“你再说一句我女儿的不是试试?”周明远嗓音低沉,像是压着火。
“行啊,”江涛冷笑,“那就别怪我不讲情面。”
他一挥手,两个黑衣人从门外进来,站在门口,不动声色。
“你们家的事,我本不想插手。”江涛慢悠悠地说,“但既然你这么不懂分寸,那就别怪我不客气了。”
“滚。”周明远咬牙。
“周明远。”江雪突然开口,“我们谈谈。”
她走到沙发前坐下,从包里拿出一份文件,摊在桌上。
“离婚协议。”
周明远看着那份纸,没说话。
“十万,拿钱走人。”她说,“以后朵朵归我,你连探视权都没有。”
“你说什么?”他的声音有点发抖。
“我说得很清楚。”江雪看着他,眼神平静得像一潭死水,“这些年,你就像条狗一样活着。我不需要一条狗当丈夫。”
“你——”
“你以为我不知道你在建材市场干什么?”她冷笑,“以为我看不出你想翻盘?”
“你到底是谁?”周明远终于问出这句话。
“我是谁不重要。”江雪站起身,拿起茶杯喝了口,“重要的是,你现在还有选择。”
“选什么?”
“要么签字,拿着十万滚蛋;要么,我现在就让人把你和你女儿一起带走。”
“你疯了吗?”
“我只是理智。”她放下杯子,“你根本不配做父亲。
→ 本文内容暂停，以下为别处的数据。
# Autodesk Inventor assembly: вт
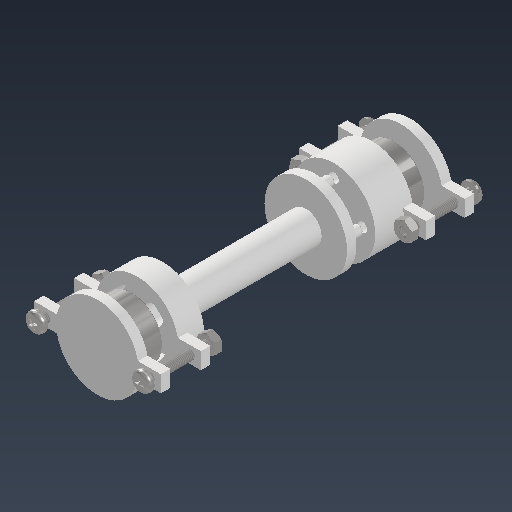
[picture p0: Inventor's stored thumbnail of the model, 512x512]
Saved by Autodesk Inventor 2025 (Build 290162000, 162)
## iProperties
Created: 2025-03-14
Part Number: вт
Document SubType Name: Assembly
Designer: GameHD
Author: GameHD
## Documents named in this file (7)
- C:\Users\GameHD\Desktop\Phantom 16950\вт.iam
- C:\Users\GameHD\Desktop\Phantom 16950\вт3.ipt
- C:\Users\GameHD\Desktop\Phantom 16950\вт1.ipt
- C:\Users\GameHD\Desktop\Phantom 16950\вт2.ipt
- C:\Users\GameHD\Desktop\Phantom 16950\BS 290 SKF - SKF 626-RZ.ipt
- C:\Users\GameHD\Documents\Inventor\Content Center Files\R2025\ru-RU\AS 1427(05)\AS 1427 - M3 x 20(5) II.ipt
- C:\Users\GameHD\Documents\Inventor\Content Center Files\R2025\ru-RU\BS 3692(1)\BS 3692 - M3(1).ipt
## Components (14 placed, 6 different names)
1. вт3:1 — Совмещение:5, Совмещение:6, Совмещение:9, Совмещение:10
2. вт1:1 — Совмещение:1, Совмещение:2, Совмещение:5, Совмещение:6, Совмещение:7
3. вт2:1 — Совмещение:1, Совмещение:2, Совмещение:3, Совмещение:4, Совмещение:8
4. вт3:2 — Совмещение:3, Совмещение:4, Совмещение:11, Совмещение:12
5. BS 290 SKF - SKF 626-RZ:1 — Совмещение:7
6. BS 290 SKF - SKF 626-RZ:2 — Совмещение:8
7. AS 1427 H - метрическая M3 x 20:1 — Совмещение:9, Совмещение:13
8. AS 1427 H - метрическая M3 x 20:2 — Совмещение:10, Совмещение:14
9. AS 1427 H - метрическая M3 x 20:3 — Совмещение:11, Совмещение:16
10. AS 1427 H - метрическая M3 x 20:4 — Совмещение:12, Совмещение:15
11. BS 3692 - метрическая M3:1 — Совмещение:14
12. BS 3692 - метрическая M3:2 — Совмещение:13
13. BS 3692 - метрическая M3:3 — Совмещение:16
14. BS 3692 - метрическая M3:4 — Совмещение:15
## Relationships (16: Mate 16)
- Совмещение:1 [Mate]: вт1:1 ↔ вт2:1
- Совмещение:2 [Mate]: вт1:1 ↔ вт2:1
- Совмещение:3 [Mate]: вт2:1 ↔ вт3:2
- Совмещение:4 [Mate]: вт2:1 ↔ вт3:2
- Совмещение:5 [Mate]: вт3:1 ↔ вт1:1
- Совмещение:6 [Mate]: вт3:1 ↔ вт1:1
- Совмещение:7 [Mate]: вт1:1 ↔ BS 290 SKF - SKF 626-RZ:1
- Совмещение:8 [Mate]: вт2:1 ↔ BS 290 SKF - SKF 626-RZ:2
- Совмещение:9 [Mate]: вт3:1 ↔ AS 1427 H - метрическая M3 x 20:1
- Совмещение:10 [Mate]: вт3:1 ↔ AS 1427 H - метрическая M3 x 20:2
- Совмещение:11 [Mate]: вт3:2 ↔ AS 1427 H - метрическая M3 x 20:3
- Совмещение:12 [Mate]: вт3:2 ↔ AS 1427 H - метрическая M3 x 20:4
- Совмещение:13 [Mate]: AS 1427 H - метрическая M3 x 20:1 ↔ BS 3692 - метрическая M3:2
- Совмещение:14 [Mate]: AS 1427 H - метрическая M3 x 20:2 ↔ BS 3692 - метрическая M3:1
- Совмещение:15 [Mate]: AS 1427 H - метрическая M3 x 20:4 ↔ BS 3692 - метрическая M3:4
- Совмещение:16 [Mate]: AS 1427 H - метрическая M3 x 20:3 ↔ BS 3692 - метрическая M3:3

”
周明远沉默了几秒,忽然抓起桌上的鸭汤,猛地泼向自己的左臂。
“哗!”
滚烫的汤汁溅在袖口,布料瞬间湿透,皮肤立刻红肿起来。
剧痛让他瞳孔收缩,额头冒出冷汗。
检测到宿主情绪波动剧烈
命点结算中……
面板上的数值开始跳动,从-98缓缓上升。
“你疯了?”江涛皱眉。
“我没疯。”周明远抬起头,嘴角扯出一抹笑,“我只是想告诉你们一件事。”
“什么事?”
“你们看不起我,是因为我不够狠。”
他说完,转身走进厨房,顺手关上门。
屋里的气氛凝固了几秒。
“
;他是不是真傻了?”江涛嗤笑。